Another key theme is partnership, including with the private sector, without losing sight of the public patient-centered purpose. Dr. Seely founded his company to help bring Extubation Advisor to the bedside and has described working with industry partners as part of what it takes to commercialize and move tools into real clinical use. 

Dr. Andrew Seely
Everyone is trying to do the same thing: improve clinical quality and efficiency of care. In that context, private sector partnership is not a distraction from patient care.

Dr. Andrew Seely

— Physician-scientist, TOH & OHRI, uOttawa professor, Therapeutic Monitoring Systems founder

“Everyone is trying to do the same thing: improve clinical quality and efficiency of care,” says Dr. Seely. “In that context, private sector partnership is not a distraction from patient care. It can be an important part of how tools are built, supported and sustained over time.”

Although there has been significant progress, it has not been without some challenges. Dr. Seely highlights three barriers that can shape whether medical AI tools succeed.

The first is data readiness and availability. Predictive modelling requires linking two kinds of data: the inputs used to generate predictions and the outcomes the model is trying to predict. It is not enough to have monitoring information, which is challenging to collect. Teams also need consistent outcome definitions, such as extubation success versus failure and whether patients needed to be put back on the ventilator within a defined window. Dr. Seely noted that electronic health record (EHR) systems are a major investment, but they do not automatically produce standardized, connected datasets that are ready for this kind of modelling and validation.

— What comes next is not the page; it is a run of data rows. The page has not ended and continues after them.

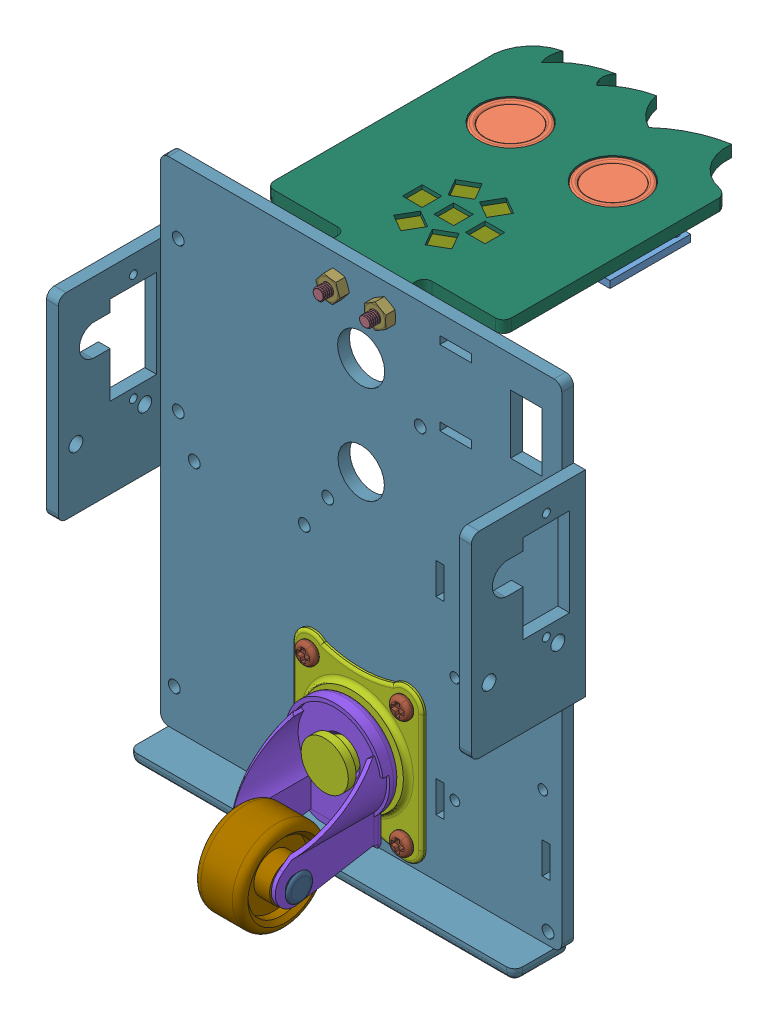
SolidWorks assembly DYOR_3D_LS, configuration Predeterminado. Lengths in mm.
Overall size (108 131.39 112.97).
36 component instances, 16 part files, 16 mates.
Components (placement in the parent):
- HC-SR04 Ping Sensor-1: HC-SR04 Ping Sensor [Default] at (9.418 28.7888 -38.4611) x (0 0 -1) z (0 1 0) size (25.18 45 18.07)
  - PCB-1: PCB [Default] at origin size (20.5 45 1.75)
  - Transducer-1: Transducer [Default] at (0 -13 13.25) x (1 0 0) z (0 -1 0) size (15.88 12 15.88)
  - Transducer-2: Transducer [Default] at (0 13 13.25) x (1 0 0) z (0 -1 0) size (15.88 12 15.88)
  - 3 Pin Header 90 Degree-1: 3 Pin Header 90 Degree [Default] at (8.4275 0 -1.25) x (-1 0 0) z (0 -1 0) size (8 7.82 10)
  - 14 Pin SMT-1: 14 Pin SMT [Default] at (-0.35 -18.5 -0.85) x (0 -1 0) z (1 0 0) size (6 1.6 8.8)
  - 14 Pin SMT-2: 14 Pin SMT [Default] at (0 -0.3826 -0.85) x (1 0 0) z (0 1 0) size (6 1.6 8.8)
  - 14 Pin SMT-3: 14 Pin SMT [Default] at (0 17.5274 -0.85) x (1 0 0) z (0 1 0) size (6 1.6 8.8)
  - Cap1 SMT-1: Cap1 SMT [Default] at (-1.755 7.4774 -0.9689) x (0 1 0) z (-1 0 0) size (4.5 1.84 1.75)
  - Cap1 SMT-2: Cap1 SMT [Default] at (6.835 7.4774 -0.9689) x (0 1 0) z (-1 0 0) size (4.5 1.84 1.75)
  - Cap1 SMT-3: Cap1 SMT [Default] at (-6.835 7.4774 -0.9689) x (0 1 0) z (-1 0 0) size (4.5 1.84 1.75)
  - Cap1 SMT-4: Cap1 SMT [Default] at (4.295 7.4774 -0.9689) x (0 1 0) z (-1 0 0) size (4.5 1.84 1.75)
  - Cap1 SMT-5: Cap1 SMT [Default] at (1.755 7.4774 -0.9689) x (0 1 0) z (-1 0 0) size (4.5 1.84 1.75)
  - Cap1 SMT-6: Cap1 SMT [Default] at (-4.295 7.4774 -0.9689) x (0 1 0) z (-1 0 0) size (4.5 1.84 1.75)
  - HC-SR04 Crystal-1: HC-SR04 Crystal [Default] at (-8.3 0 1.75) x (0 -1 0) z (0 0 1) size (10 3.5 2.7)
- CA-1: CA [Predeterminado] at (-2.207 18.0036 0) size (33 45.94 43.2)
  - Caster Wheel-1: Caster Wheel [Default] at (57.6387 -78.841 57.7572) x (0 1 0) z (-1 0 0) size (45.94 37.59 33)
    - caster holder-1: caster holder [Default] at (-24.0751 44.7184 29.5137) x (1 0 0) z (0 0 -1) size (39 9.27 33)
    - holder-1: holder [Default] at (-1.5751 42.9484 46.0137) x (0 0 1) z (1 0 0) size (25 28.07 31.31)
    - caster wheel-1: caster wheel [Default] at (-15.6961 19.9484 46.0137) x (0.997275 0.073773 0) z (0 0 1) size (23 23 14)
    - Part4-1: Part4 [Default] at (-15.6961 19.9484 55.0137) x (-0.978448 0.206495 0) z (0 0 -1) size (7 7 20)
  - M3x6 Philips Screw-1: M3x6 Philips Screw [Predeterminado] at (23.625 -65.4161 13.5389) size (5.3 5.3 7.81)
  - M3x6 Philips Screw-2: M3x6 Philips Screw [Predeterminado] at (-0.375 -65.4161 13.5389) size (5.3 5.3 7.81)
  - M3x6 Philips Screw-3: M3x6 Philips Screw [Predeterminado] at (-0.375 -95.4161 13.5389) size (5.3 5.3 7.81)
  - M3x6 Philips Screw-4: M3x6 Philips Screw [Predeterminado] at (23.625 -95.4161 13.5389) size (5.3 5.3 7.81)
  - M3 Nut-1: M3 Nut [Predeterminado] at (23.625 -65.4161 11.0389) size (6.27 6.27 2.71)
  - M3 Nut-2: M3 Nut [Predeterminado] at (-0.375 -65.4161 11.0389) size (6.27 6.27 2.71)
  - M3 Nut-3: M3 Nut [Predeterminado] at (-0.375 -95.4161 11.0389) size (6.27 6.27 2.71)
  - M3 Nut-4: M3 Nut [Predeterminado] at (23.625 -95.4161 11.0389) size (6.27 6.27 2.71)
- M3x10 Philips Screw-2: M3x10 Philips Screw [Predeterminado] at (3.418 36.0388 7.5389) x (-0.665771 0.746156 0) z (0 0 -1) size (5.3 5.3 11.8)
- M3x10 Philips Screw-3: M3x10 Philips Screw [Predeterminado] at (15.418 36.0388 7.5389) x (0.006663 -0.999978 0) z (0 0 -1) size (5.3 5.3 11.8)
- M3 Nut-1: M3 Nut [Predeterminado] at (3.418 36.0388 16.5389) x (0.934299 0.356491 0) z (0 0 1) size (6.27 6.27 2.71)
- M3 Nut-2: M3 Nut [Predeterminado] at (15.418 36.0388 11.0389) x (-0.487763 -0.872976 0) z (0 0 -1) size (6.27 6.27 2.71)
- Base-1: Base [Predeterminado] at (60.418 -80.9125 12.5389) size (108 128.45 29)
- Front_LS-1: Front_LS [Predeterminado] at (-51.2809 39.5388 -46.4821) x (1 0 0) z (0 1 0) size (60.34 72.38 11)
- ws8212-7-1: ws8212-7 [Predeterminado] at (9.418 38.5388 -10.9611) x (0 0 -1) z (0 1 0) size (24 24 3.1)
Mates (geometry in assembly coordinates):
- Concéntrica15: concentric: circle of CA-1/Caster Wheel-1/caster holder-1; circle of Base-1
- Coincidente14: coincident: plane of CA-1/M3 Nut-4 through (21.418 -77.4125 9.5389) normal (0 0 1); plane of Base-1 through (-39.582 40.5388 9.5389) normal (0 0 -1)
- Concéntrica16: concentric: circle of CA-1/M3 Nut-1; circle of Base-1
- Concéntrica22: concentric: circle of M3x10 Philips Screw-2; circle of Base-1
- Concéntrica23: concentric: circle of M3 Nut-1; circle of Base-1
- Concéntrica24: concentric: circle of M3 Nut-2; circle of Base-1
- Coincidente31: coincident: plane of M3 Nut-1 through (3.418 36.0388 12.5389) normal (0 0 -1); plane of Base-1 through (-39.582 40.5388 12.5389) normal (0 0 1)
- Coincidente32: coincident: plane of M3 Nut-2 through (15.418 36.0388 12.5389) normal (0 0 -1); plane of Base-1 through (-39.582 40.5388 12.5389) normal (0 0 1)
- Coincidente33: coincident: plane of Base-1 through (-39.582 40.5388 9.5389) normal (0 0 -1); plane of Front_LS-1 through (-0.582 42.5388 9.5389) normal (0 0 1)
- Concéntrica25: concentric: circle of Base-1; circle of Front_LS-1
- Concéntrica26: concentric: circle of HC-SR04 Ping Sensor-1/Transducer-1; circle of Front_LS-1
- Coincidente34: coincident: plane of HC-SR04 Ping Sensor-1/Transducer-2 through (-3.582 42.5388 -46.4011) normal (0 1 0); plane of Front_LS-1 through (-2.582 42.5388 8.5389) normal (0 1 0)
- Concéntrica27: concentric: circle of HC-SR04 Ping Sensor-1/Transducer-2; circle of Front_LS-1
- Coincidente35: coincident: plane of Front_LS-1 through (3.918 42.5388 -8.4611) normal (-1 0 0); plane of ws8212-7-1 through (3.918 41.5388 -13.4611) normal (1 0 0)
- Coincidente36: coincident: plane of Front_LS-1 through (-1.082 42.5388 -8.4611) normal (0 0 -1); plane of ws8212-7-1 through (-1.082 41.5388 -8.4611) normal (0 0 1)
- Distancia1: distance = 1 mm: plane of ws8212-7-1 through (9.418 41.5388 -10.9611) normal (0 1 0); plane of Front_LS-1 through (-2.582 42.5388 8.5389) normal (0 1 0)
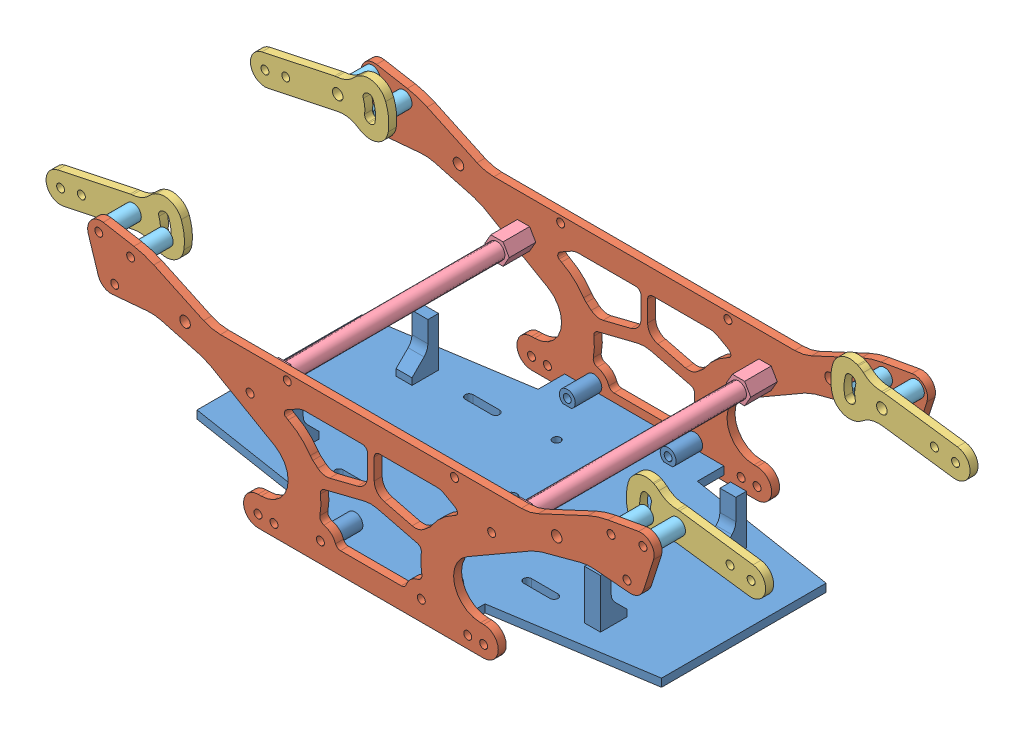
SolidWorks assembly Core, configuration Default. Lengths in mm.
Overall size (273.89 78.88 106.01).
17 component instances, 5 part files, 38 mates.
Components (placement in the parent):
- Chassis_2-1: Chassis_2 [Default] at origin size (175 21.5 100)
- Chassis_1-1: Chassis_1 [Default] at (0 -2 53) x (0 0 -1) z (1 0 0) size (3.01 70.64 213.45)
- Chassis_1-2: Chassis_1 [Default] at (0 -2 -50) x (0 0 -1) z (1 0 0) size (3.01 70.64 213.45)
- Chassis_3-1: Chassis_3 [Default] at (130.2491 60.7601 40) x (0 0 -1) z (0.99104 -0.133567 0) size (3 19.67 52.75)
- Chassis_3-2: Chassis_3 [Default] at (130.2491 60.7601 -37) x (0 0 -1) z (0.99104 -0.133567 0) size (3 19.67 52.75)
- Chassis_3-3: Chassis_3 [Default] at (-129.8911 58.6926 -40) x (0 0 1) z (-0.978254 -0.207408 0) size (3 19.67 52.75)
- Chassis_3-4: Chassis_3 [Default] at (-129.8911 58.6926 37) x (0 0 1) z (-0.978254 -0.207408 0) size (3 19.67 52.75)
- Chassis_4-1: Chassis_4 [Default] at (45.5 40.5 -50) size (9.24 8 100)
- Chassis_4-2: Chassis_4 [Default] at (-45.5 40.5 -50) size (9.24 8 100)
- Chassis_5-1: Chassis_5 [Default] at (90.5 62.3841 40) size (6 6 10)
- Chassis_5-2: Chassis_5 [Default] at (-102.5 64.5 -50) size (6 6 10)
- Chassis_5-3: Chassis_5 [Default] at (-102.5 64.5 40) size (6 6 10)
- Chassis_5-4: Chassis_5 [Default] at (90.5 62.3841 -50) size (6 6 10)
- Chassis_5-5: Chassis_5 [Default] at (102.5 64.5 -50) size (6 6 10)
- Chassis_5-6: Chassis_5 [Default] at (-90.5 62.3841 40) x (0.998337 0.057643 0) z (0 0 1) size (6 6 10)
- Chassis_5-7: Chassis_5 [Default] at (102.5 64.5 40) x (0.975239 -0.221151 0) z (0 0 1) size (6 6 10)
- Chassis_5-8: Chassis_5 [Default] at (-90.5 62.3841 -50) size (6 6 10)
Mates (geometry in assembly coordinates):
- Coincident1: coincident anti-aligned: plane of Chassis_2-1 through (0 3 50) normal (0 0 1); plane of Chassis_1-1 through (0 -2 50) normal (0 0 -1)
- Concentric1: concentric aligned: cylinder of Chassis_2-1 through (19 5.5 40) axis (0 0 1) radius 1.5; cylinder of Chassis_1-1 through (19 5.5 50) axis (0 0 1) radius 1.5
- Concentric2: concentric aligned: cylinder of Chassis_2-1 through (-19 5.5 40) axis (0 0 1) radius 1.5; cylinder of Chassis_1-1 through (-19 5.5 50) axis (0 0 1) radius 1.5
- Coincident2: coincident anti-aligned: plane of Chassis_2-1 through (0 3 -50) normal (0 0 -1); plane of Chassis_1-2 through (0 -2 -50) normal (0 0 1)
- Concentric3: concentric anti-aligned: cylinder of Chassis_2-1 through (-19 5.5 -40) axis (0 0 -1) radius 1.5; cylinder of Chassis_1-2 through (-19 5.5 -53) axis (0 0 1) radius 1.5
- Concentric4: concentric anti-aligned: cylinder of Chassis_2-1 through (19 5.5 -40) axis (0 0 -1) radius 1.5; cylinder of Chassis_1-2 through (19 5.5 -53) axis (0 0 1) radius 1.5
- Concentric5: concentric aligned: circle of Chassis_1-1; cylinder of Chassis_3-1 through (102.5 64.5 37) axis (0 0 1) radius 2
- Distance1: distance = 10 mm anti-aligned: plane of Chassis_3-1 through (130.2491 60.7601 40) normal (0 0 1); plane of Chassis_1-1 through (0 -2 50) normal (0 0 -1)
- Concentric6: concentric aligned: cylinder of Chassis_1-2 through (102.5 64.5 -53) axis (0 0 1) radius 1.5; cylinder of Chassis_3-2 through (102.5 64.5 -40) axis (0 0 1) radius 2
- Distance2: distance = 10 mm anti-aligned: plane of Chassis_3-2 through (130.2491 60.7601 -40) normal (0 0 -1); plane of Chassis_1-2 through (0 -2 -50) normal (0 0 1)
- Parallel1: parallel aligned: plane of Chassis_3-1 through (130.9837 66.2108 37) normal (0.133567 0.99104 0); plane of Chassis_3-2 through (130.9837 66.2108 -40) normal (0.133567 0.99104 0)
- Concentric7: concentric anti-aligned: cylinder of Chassis_1-2 through (-102.5 64.5 -53) axis (0 0 1) radius 1.5; cylinder of Chassis_3-3 through (-102.5 64.5 -37) axis (0 0 -1) radius 2
- Distance3: distance = 10 mm anti-aligned: plane of Chassis_3-3 through (-129.8911 58.6926 -40) normal (0 0 -1); plane of Chassis_1-2 through (0 -2 -50) normal (0 0 1)
- Concentric9: concentric anti-aligned: cylinder of Chassis_1-1 through (-102.5 64.5 50) axis (0 0 1) radius 1.5; cylinder of Chassis_3-4 through (-102.5 64.5 40) axis (0 0 -1) radius 2
- Distance4: distance = 10 mm anti-aligned: plane of Chassis_3-4 through (-129.8911 58.6926 40) normal (0 0 1); plane of Chassis_1-1 through (0 -2 50) normal (0 0 -1)
- Parallel2: parallel aligned: plane of Chassis_3-3 through (-131.0319 64.073 -37) normal (-0.207408 0.978254 0); plane of Chassis_3-4 through (-131.0319 64.073 40) normal (-0.207408 0.978254 0)
- Coincident9: coincident anti-aligned: plane of Chassis_1-2 through (0 -2 -50) normal (0 0 1); plane of Chassis_4-1 through (45.5 40.5 -50) normal (0 0 -1)
- Concentric10: concentric anti-aligned: cylinder of Chassis_1-2 through (45.5 40.5 -53) axis (0 0 1) radius 1.5; cylinder of Chassis_4-1 through (45.5 40.5 50) axis (0 0 -1) radius 1.5
- Parallel3: parallel anti-aligned: plane of Chassis_2-1 through (0 3 0) normal (0 1 0); plane of Chassis_4-1 through (43.1906 36.5 -40) normal (0 -1 0)
- Parallel4: parallel anti-aligned: plane of Chassis_2-1 through (0 3 0) normal (0 1 0); plane of Chassis_4-2 through (-47.8094 36.5 -40) normal (0 -1 0)
- Concentric11: concentric anti-aligned: cylinder of Chassis_1-2 through (-45.5 40.5 -53) axis (0 0 1) radius 1.5; cylinder of Chassis_4-2 through (-45.5 40.5 50) axis (0 0 -1) radius 1.5
- Coincident12: coincident anti-aligned: plane of Chassis_1-2 through (0 -2 -50) normal (0 0 1); plane of Chassis_4-2 through (-45.5 40.5 -50) normal (0 0 -1)
- Concentric12: concentric anti-aligned: cylinder of Chassis_1-1 through (-102.5 64.5 50) axis (0 0 1) radius 1.5; cylinder of Chassis_5-3 through (-102.5 64.5 50) axis (0 0 -1) radius 3
- Coincident13: coincident anti-aligned: plane of Chassis_3-4 through (-129.8911 58.6926 40) normal (0 0 1); plane of Chassis_5-3 through (-102.5 64.5 40) normal (0 0 -1)
- Concentric13: concentric anti-aligned: cylinder of Chassis_1-1 through (90.5 62.3841 50) axis (0 0 1) radius 1.5; cylinder of Chassis_5-1 through (90.5 62.3841 50) axis (0 0 -1) radius 3
- Coincident14: coincident anti-aligned: plane of Chassis_1-1 through (0 -2 50) normal (0 0 -1); plane of Chassis_5-1 through (90.5 62.3841 50) normal (0 0 1)
- Concentric14: concentric anti-aligned: circle of Chassis_3-3; cylinder of Chassis_5-2 through (-102.5 64.5 -40) axis (0 0 -1) radius 3
- Coincident15: coincident anti-aligned: plane of Chassis_3-3 through (-129.8911 58.6926 -40) normal (0 0 -1); plane of Chassis_5-2 through (-102.5 64.5 -40) normal (0 0 1)
- Concentric15: concentric anti-aligned: cylinder of Chassis_1-2 through (90.5 62.3841 -53) axis (0 0 1) radius 1.5; cylinder of Chassis_5-4 through (90.5 62.3841 -40) axis (0 0 -1) radius 3
- Coincident16: coincident anti-aligned: plane of Chassis_3-2 through (130.2491 60.7601 -40) normal (0 0 -1); plane of Chassis_5-4 through (90.5 62.3841 -40) normal (0 0 1)
- Concentric16: concentric anti-aligned: cylinder of Chassis_3-2 through (102.5 64.5 -40) axis (0 0 1) radius 2; cylinder of Chassis_5-5 through (102.5 64.5 -40) axis (0 0 -1) radius 3
- Coincident17: coincident anti-aligned: plane of Chassis_3-2 through (130.2491 60.7601 -40) normal (0 0 -1); plane of Chassis_5-5 through (102.5 64.5 -40) normal (0 0 1)
- Concentric17: concentric anti-aligned: cylinder of Chassis_1-2 through (-90.5 62.3841 -53) axis (0 0 1) radius 1.5; cylinder of Chassis_5-8 through (-90.5 62.3841 -40) axis (0 0 -1) radius 3
- Coincident18: coincident anti-aligned: plane of Chassis_3-3 through (-129.8911 58.6926 -40) normal (0 0 -1); plane of Chassis_5-8 through (-90.5 62.3841 -40) normal (0 0 1)
- Concentric18: concentric anti-aligned: cylinder of Chassis_1-1 through (-90.5 62.3841 50) axis (0 0 1) radius 1.5; cylinder of Chassis_5-6 through (-90.5 62.3841 50) axis (0 0 -1) radius 3
- Coincident19: coincident anti-aligned: plane of Chassis_1-1 through (0 -2 50) normal (0 0 -1); plane of Chassis_5-6 through (-90.5 62.3841 50) normal (0 0 1)
- Concentric19: concentric anti-aligned: cylinder of Chassis_3-1 through (102.5 64.5 37) axis (0 0 1) radius 2; cylinder of Chassis_5-7 through (102.5 64.5 50) axis (0 0 -1) radius 3
- Coincident20: coincident anti-aligned: plane of Chassis_1-1 through (0 -2 50) normal (0 0 -1); plane of Chassis_5-7 through (102.5 64.5 50) normal (0 0 1)

The second is adoption. Decision support is meant to support clinical judgement, not replace it, but it only helps if clinicians actually use it. In practice, that depends on clinicians being interested, curious and open to additional decision-support information. It also depends on trust, which often comes from experience. Many clinicians want to try a tool only after it is rigorously tested, before it becomes part of routine practice.

The third is sustainability under regulation. For regulated clinical software, approval is not the finish line. Ongoing quality systems, audits, compliance work and significant costs continue year after year. Dr. Seely describes those ongoing requirements as necessary as well as a real cost driver that shapes what is realistic for maintenance, pricing and scale, especially in a category that is still new.

What keeps the work moving is a real clinical need, backed by steady research and testing over time. For Dr. Seely, it is also driven by passion for the work, the belief that it has value and the fact that he finds it enjoyable. At the same time, moving from a clinical problem to a regulated tool in patient care takes time and sustained effort. 

Dr. Seely believes Ottawa is well positioned to lead in the clinical applications of AI tools, as a strong environment for making AI at the bedside real. The ingredients he points to: super supportive institutions, multidisciplinary research depth, motivated and innovative clinical teams, a remarkable culture of collaboration, and strong leadership across the Ottawa health care community. Extubation Advisor is one example, which sits within a broader ecosystem where there is growing and compelling medical AI work ready to emerge.